М продолжает общаться с вороной

На следующий день, перед работой, я слышу знакомое карканье. Это она, я знаю. Я снова кладу ей кусочек сыра на подоконник. Вернувшись из ванной, я с удовольствием вижу, что сыра нет. Вороны тоже не видно. Наверное, ее снова преследовали ее сородичи, и она улетела далеко. Рабочая неделя проходит на автомате, как у механизма. Никаких событий. Я не гуляю, сразу еду домой, ем, потом сплю, потом снова ем и опять сплю. Мне радостно жить как простой организм, что-то вроде примата или даже хуже, какой-нибудь инфузории. Никаких эмоций, только тупая радость от этой простоты.

В следующие выходные, в субботу, я сплю до полудня, пока меня не будит знакомое карканье. Опять она. В этот день я решаю провести глобальный эксперимент. Я надеваю теплую куртку и шапку, открываю настежь створки окна и бросаю на пол куски сыра и хлеба. Два куска сыра я кладу на подоконник и ухожу на кухню. В квартире становится холодно. Слышу знакомое карканье ― пока за окном. Потом ― характерный хлопающий звук. Это она спикировала на сыр. Но осмелится ли проникнуть в комнату? Нет, не осмеливается ― вся еда на полу остается нетронутой, но сыр с подоконника исчезает.

На следующий день я повторяю эксперимент ― но уже не оставляю сыр или хлеб на подоконнике, а только на полу в комнате. Сижу и терпеливо жду в кухне, в теплой куртке и шапке. Зачитавшись вторым романом Уэльбека, который я тогда купил – «Возможность острова» – вздрагиваю от скребущих звуков. Неужели это она? Осторожно выглядываю из кухни ― да, она, подбирает крошки от сыра и хлеба. Ей становится интересно, что лежит в углу ― в свете солнца эта вещь заманчиво блестит ― подарок знакомых из Таиланда, безвкусная парная статуэтка, изображающая толстожопого парня и худосочную девушку, одетых в национальные костюмы. Их блеск привлек любопытную птицу. Я подкрадываюсь к окну и захлопываю его. Ворона, встрепенувшись и поняв, что в ловушке, начинает метаться по комнате и хлопать крыльями. Она налетает на окно, силясь вырваться наружу. Она удивлена этой преграде, ведь она видит тот мир, которому принадлежит, и не понимает, почему отделена от него. Я приношу из кухни еще кусок сыра и кидаю его на пол, отхожу подальше, чтобы ворона не боялась. Она пикирует на сыр, долбит его своим клювом и тут же гадит на пол. Я чувствую, как ей неудобно здесь ― даже несмотря на сыр и тепло. Она хочет обратно, в свой дискомфортный, полный опасностей, но все-таки привычный мир.

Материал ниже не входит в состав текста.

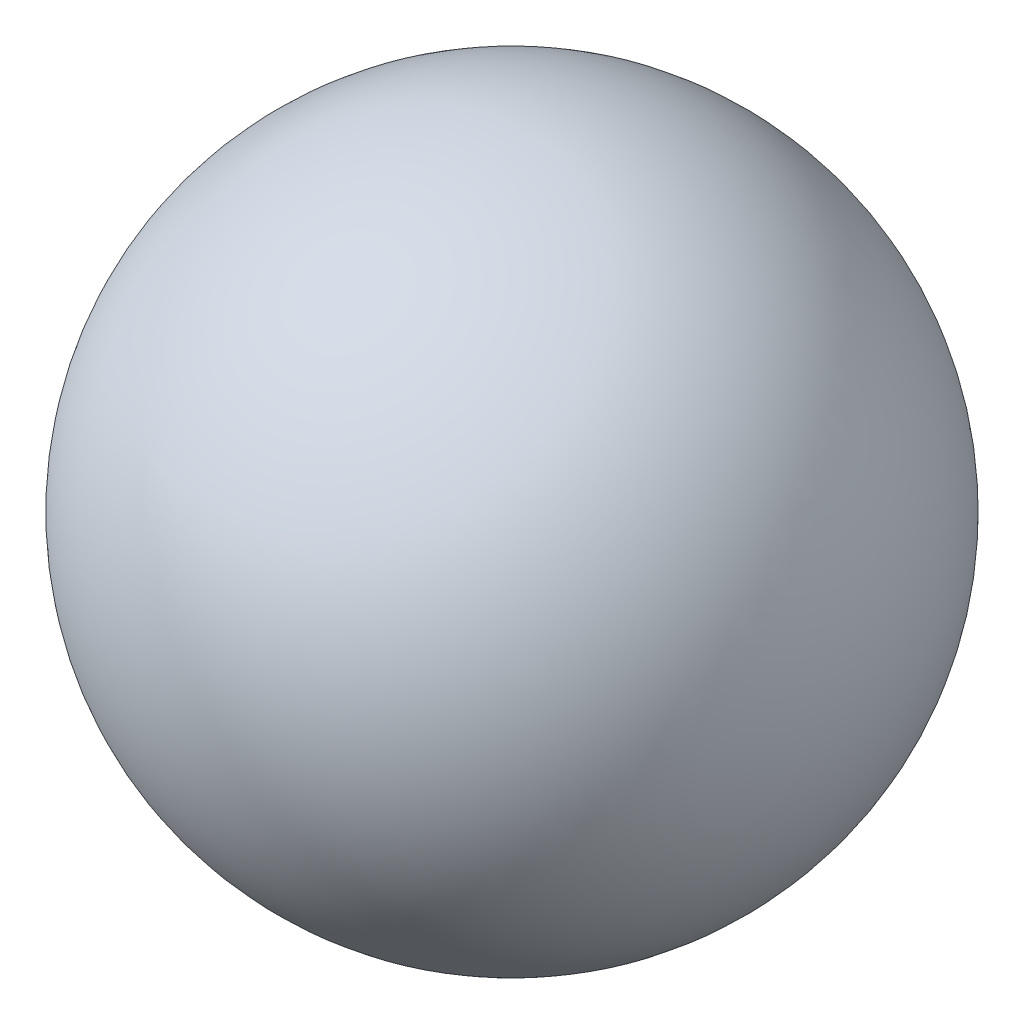
SolidWorks part; units mm, degrees
ref_plane "Front Plane" through (0, 0, 0) normal (0, 0, 1) x (1, 0, 0)
ref_plane "Top Plane" through (0, 0, 0) normal (0, 1, 0) x (1, 0, 0)
ref_plane "Right Plane" through (0, 0, 0) normal (1, 0, 0) x (0, 0, -1)
sketch "Sketch1" plane through (0, 0, 0) normal (0, 0, 1) x (1, 0, 0)
  line L0 (0, 0) -> (0, 2.3846) construction
  line L1 (0, 1.86) -> (0, -1.86)
  arc A0 (0, 1.86) -> (0, -1.86) centre (0, 0) cw
  dimension "D1" = 1.86
revolve "Revolve1" add sketch "Sketch1" angle 360 about L0

Анна смотрит «смешное» видео

Я просматриваю новый видеоролик: средь бела дня на пустом пляже пьяная девица трахается с парнем. Сначала она наверху, потом он на ней. Его белая, гладкая задница подергивается от поступательных движений. Я возбуждаюсь и мастурбирую… Когда все кончено, я снова прокручиваю видео: только теперь замечаю, что оно без звука, и половые органы заретушированы, как в японском порно. Это обстоятельство смешит меня: неужто им тоже не чужда стыдливость? Или это было сделано по другим соображениям? Но каким? Я уже хорошо знаю, что у нового поколения, за которым я с таким интересом подглядываю, совершенно иное представление о морали, особенно сексуальной. Я давно поняла, что для них потрахаться на людях, в компании, например, малознакомых людей (на вечеринке или на дискотеке в туалете) стало абсолютно привычным делом. Да и разве этого не было раньше, до начала дигитальной эры? Мало, что ли, было людей, которые делали это в публичных и прочих местах, на виду у всех? Просто сегодня стали все чаще это снимать и выкладывать в интернет, вот и вся разница. Но зачем тогда ретушировать половые органы? С одной стороны, они не стесняются трахаться на людях, не против того, чтобы их снимали на видео, возможно, даже посторонние люди. И вдруг эта ретушь. Как это объяснить?